**DATASET RECORDS**
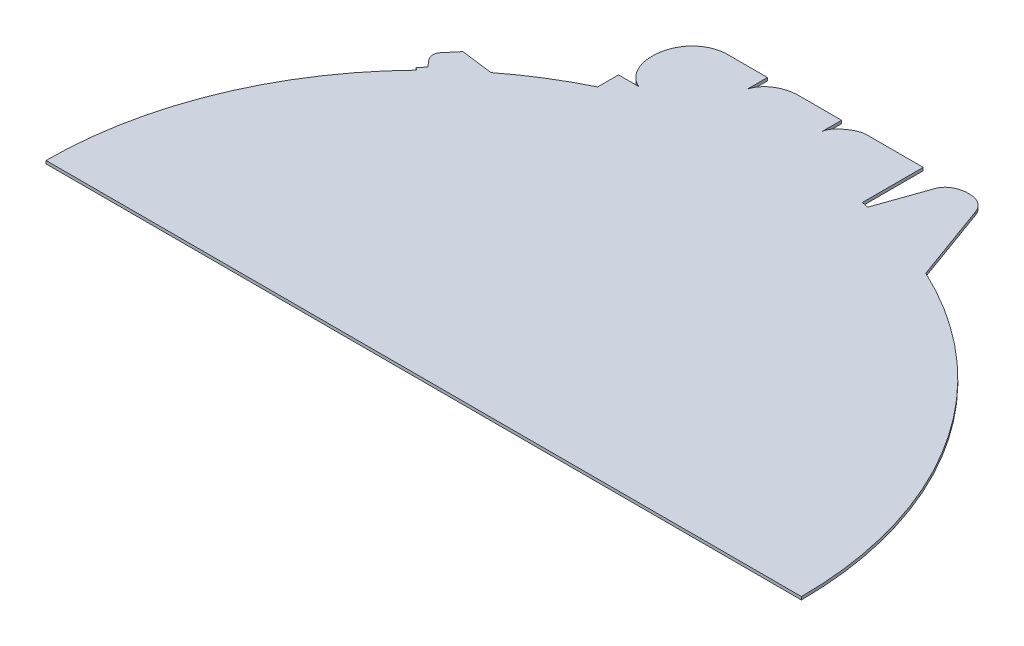
ISO-10303-21;
HEADER;
FILE_DESCRIPTION(('STEP AP214'),'2;1');
FILE_NAME('part.step','',(''),(''),'','','');
FILE_SCHEMA(('AUTOMOTIVE_DESIGN { 1 0 10303 214 1 1 1 1 }'));
ENDSEC;
DATA;
#1=APPLICATION_CONTEXT('core data for automotive mechanical design processes');
#2=APPLICATION_PROTOCOL_DEFINITION('international standard','automotive_design',2000,#1);
#3=PRODUCT_CONTEXT('',#1,'mechanical');
#4=PRODUCT('Part','Part','',(#3));
#5=PRODUCT_RELATED_PRODUCT_CATEGORY('part','',(#4));
#6=PRODUCT_DEFINITION_FORMATION('','',#4);
#7=PRODUCT_DEFINITION_CONTEXT('part definition',#1,'design');
#8=PRODUCT_DEFINITION('design','',#6,#7);
#9=PRODUCT_DEFINITION_SHAPE('','',#8);
#10=(LENGTH_UNIT() NAMED_UNIT(*) SI_UNIT(.MILLI.,.METRE.));
#11=(NAMED_UNIT(*) PLANE_ANGLE_UNIT() SI_UNIT($,.RADIAN.));
#12=(NAMED_UNIT(*) SI_UNIT($,.STERADIAN.) SOLID_ANGLE_UNIT());
#13=UNCERTAINTY_MEASURE_WITH_UNIT(LENGTH_MEASURE(1.E-05),#10,'distance_accuracy_value','');
#14=(GEOMETRIC_REPRESENTATION_CONTEXT(3) GLOBAL_UNCERTAINTY_ASSIGNED_CONTEXT((#13)) GLOBAL_UNIT_ASSIGNED_CONTEXT((#10,
#11,#12)) REPRESENTATION_CONTEXT('',''));
#15=CARTESIAN_POINT('',(0.,0.,0.));
#16=DIRECTION('',(0.,0.,1.));
#17=DIRECTION('',(1.,0.,0.));
#18=AXIS2_PLACEMENT_3D('',#15,#16,#17);
#19=CARTESIAN_POINT('',(61.2417983531615,2.,-137.079482633187));
#20=CARTESIAN_POINT('',(63.470508701976,2.,-142.966505442115));
#21=CARTESIAN_POINT('',(70.6396262263932,2.,-145.565487584388));
#22=CARTESIAN_POINT('',(76.4978494080845,2.,-145.094502844673));
#23=B_SPLINE_CURVE_WITH_KNOTS('',3,(#19,#20,#21,#22),.UNSPECIFIED.,.F.,.F.,(4,4),(0.,1.),.UNSPECIFIED.);
#24=DIRECTION('',(0.,-1.,0.));
#25=VECTOR('',#24,1.);
#26=SURFACE_OF_LINEAR_EXTRUSION('',#23,#25);
#27=CARTESIAN_POINT('',(61.2417983531615,0.,-137.079482633187));
#28=CARTESIAN_POINT('',(63.470508701976,0.,-142.966505442115));
#29=CARTESIAN_POINT('',(70.6396262263932,0.,-145.565487584388));
#30=CARTESIAN_POINT('',(76.4978494080845,0.,-145.094502844673));
#31=B_SPLINE_CURVE_WITH_KNOTS('',3,(#27,#28,#29,#30),.UNSPECIFIED.,.F.,.F.,(4,4),(0.,1.),.UNSPECIFIED.);
#32=CARTESIAN_POINT('',(61.2417983531615,0.,-137.079482633187));
#33=VERTEX_POINT('',#32);
#34=CARTESIAN_POINT('',(73.732714296106,0.,-145.093801448274));
#35=VERTEX_POINT('',#34);
#36=EDGE_CURVE('E242',#33,#35,#31,.T.);
#37=ORIENTED_EDGE('',*,*,#36,.F.);
#38=DIRECTION('',(0.,-1.,0.));
#39=VECTOR('',#38,1.);
#40=CARTESIAN_POINT('',(61.2417983531615,2.,-137.079482633187));
#41=LINE('',#40,#39);
#42=CARTESIAN_POINT('',(61.2417983531615,2.,-137.079482633187));
#43=VERTEX_POINT('',#42);
#44=EDGE_CURVE('E11',#43,#33,#41,.T.);
#45=ORIENTED_EDGE('',*,*,#44,.F.);
#46=CARTESIAN_POINT('',(73.732714296106,2.,-145.093801448274));
#47=VERTEX_POINT('',#46);
#48=EDGE_CURVE('E338',#43,#47,#23,.T.);
#49=ORIENTED_EDGE('',*,*,#48,.T.);
#50=DIRECTION('',(0.,-1.,0.));
#51=VECTOR('',#50,1.);
#52=CARTESIAN_POINT('',(73.732714296106,2.,-145.093801448274));
#53=LINE('',#52,#51);
#54=EDGE_CURVE('E52',#47,#35,#53,.T.);
#55=ORIENTED_EDGE('',*,*,#54,.T.);
#56=EDGE_LOOP('',(#37,#45,#49,#55));
#57=FACE_BOUND('',#56,.T.);
#58=ADVANCED_FACE('F35',(#57),#26,.T.);
#59=CARTESIAN_POINT('',(11.6282593706701,2.,4.08680506508995));
#60=DIRECTION('',(-0.943429676553875,0.,-0.331572684938689));
#61=DIRECTION('',(-0.331572684938689,0.,0.943429676553875));
#62=AXIS2_PLACEMENT_3D('',#59,#60,#61);
#63=PLANE('',#62);
#64=DIRECTION('',(0.331572684938689,0.,-0.943429676553875));
#65=VECTOR('',#64,1.);
#66=CARTESIAN_POINT('',(11.6282593706701,0.,4.08680506508995));
#67=LINE('',#66,#65);
#68=CARTESIAN_POINT('',(49.4033169258323,0.,-103.395240199467));
#69=VERTEX_POINT('',#68);
#70=EDGE_CURVE('E246',#69,#33,#67,.T.);
#71=ORIENTED_EDGE('',*,*,#70,.F.);
#72=DIRECTION('',(0.,-1.,0.));
#73=VECTOR('',#72,1.);
#74=CARTESIAN_POINT('',(49.4033169258323,2.,-103.395240199467));
#75=LINE('',#74,#73);
#76=CARTESIAN_POINT('',(49.4033169258323,2.,-103.395240199467));
#77=VERTEX_POINT('',#76);
#78=EDGE_CURVE('E44',#77,#69,#75,.T.);
#79=ORIENTED_EDGE('',*,*,#78,.F.);
#80=DIRECTION('',(0.331572684938689,0.,-0.943429676553875));
#81=VECTOR('',#80,1.);
#82=CARTESIAN_POINT('',(11.6282593706701,2.,4.08680506508995));
#83=LINE('',#82,#81);
#84=EDGE_CURVE('E406',#77,#43,#83,.T.);
#85=ORIENTED_EDGE('',*,*,#84,.T.);
#86=ORIENTED_EDGE('',*,*,#44,.T.);
#87=EDGE_LOOP('',(#71,#79,#85,#86));
#88=FACE_BOUND('',#87,.T.);
#89=ADVANCED_FACE('F394',(#88),#63,.T.);
#90=CARTESIAN_POINT('',(-0.00210082559104485,2.,145.041993281075));
#91=DIRECTION('',(0.,-1.,0.));
#92=DIRECTION('',(0.,0.,-1.));
#93=AXIS2_PLACEMENT_3D('',#90,#91,#92);
#94=CYLINDRICAL_SURFACE('',#93,253.302100825591);
#95=CARTESIAN_POINT('',(-0.00210082559104485,0.,145.041993281075));
#96=DIRECTION('',(0.,1.,0.));
#97=DIRECTION('',(0.,0.,1.));
#98=AXIS2_PLACEMENT_3D('',#95,#96,#97);
#99=CIRCLE('',#98,253.302100825591);
#100=CARTESIAN_POINT('',(44.8660371290695,0.,-104.254626188864));
#101=VERTEX_POINT('',#100);
#102=EDGE_CURVE('E252',#101,#69,#99,.F.);
#103=ORIENTED_EDGE('',*,*,#102,.F.);
#104=DIRECTION('',(0.,-1.,0.));
#105=VECTOR('',#104,1.);
#106=CARTESIAN_POINT('',(44.8660371290695,2.,-104.254626188864));
#107=LINE('',#106,#105);
#108=CARTESIAN_POINT('',(44.8660371290695,2.,-104.254626188864));
#109=VERTEX_POINT('',#108);
#110=EDGE_CURVE('E383',#109,#101,#107,.T.);
#111=ORIENTED_EDGE('',*,*,#110,.F.);
#112=CARTESIAN_POINT('',(-0.00210082559104485,2.,145.041993281075));
#113=DIRECTION('',(0.,1.,0.));
#114=DIRECTION('',(0.,0.,1.));
#115=AXIS2_PLACEMENT_3D('',#112,#113,#114);
#116=CIRCLE('',#115,253.302100825591);
#117=EDGE_CURVE('E390',#109,#77,#116,.F.);
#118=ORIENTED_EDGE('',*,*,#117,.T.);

**PROBLEM TO SOLVE**
Return exactly the lines from the line holding "#114=DIRECTION('',(0.,0.,1.));" to the last line of the data, with both of those lines included and nothing added.

**SOLUTION TO THIS EXERCISE**
#114=DIRECTION('',(0.,0.,1.));
#115=AXIS2_PLACEMENT_3D('',#112,#113,#114);
#116=CIRCLE('',#115,253.302100825591);
#117=EDGE_CURVE('E390',#109,#77,#116,.F.);
#118=ORIENTED_EDGE('',*,*,#117,.T.);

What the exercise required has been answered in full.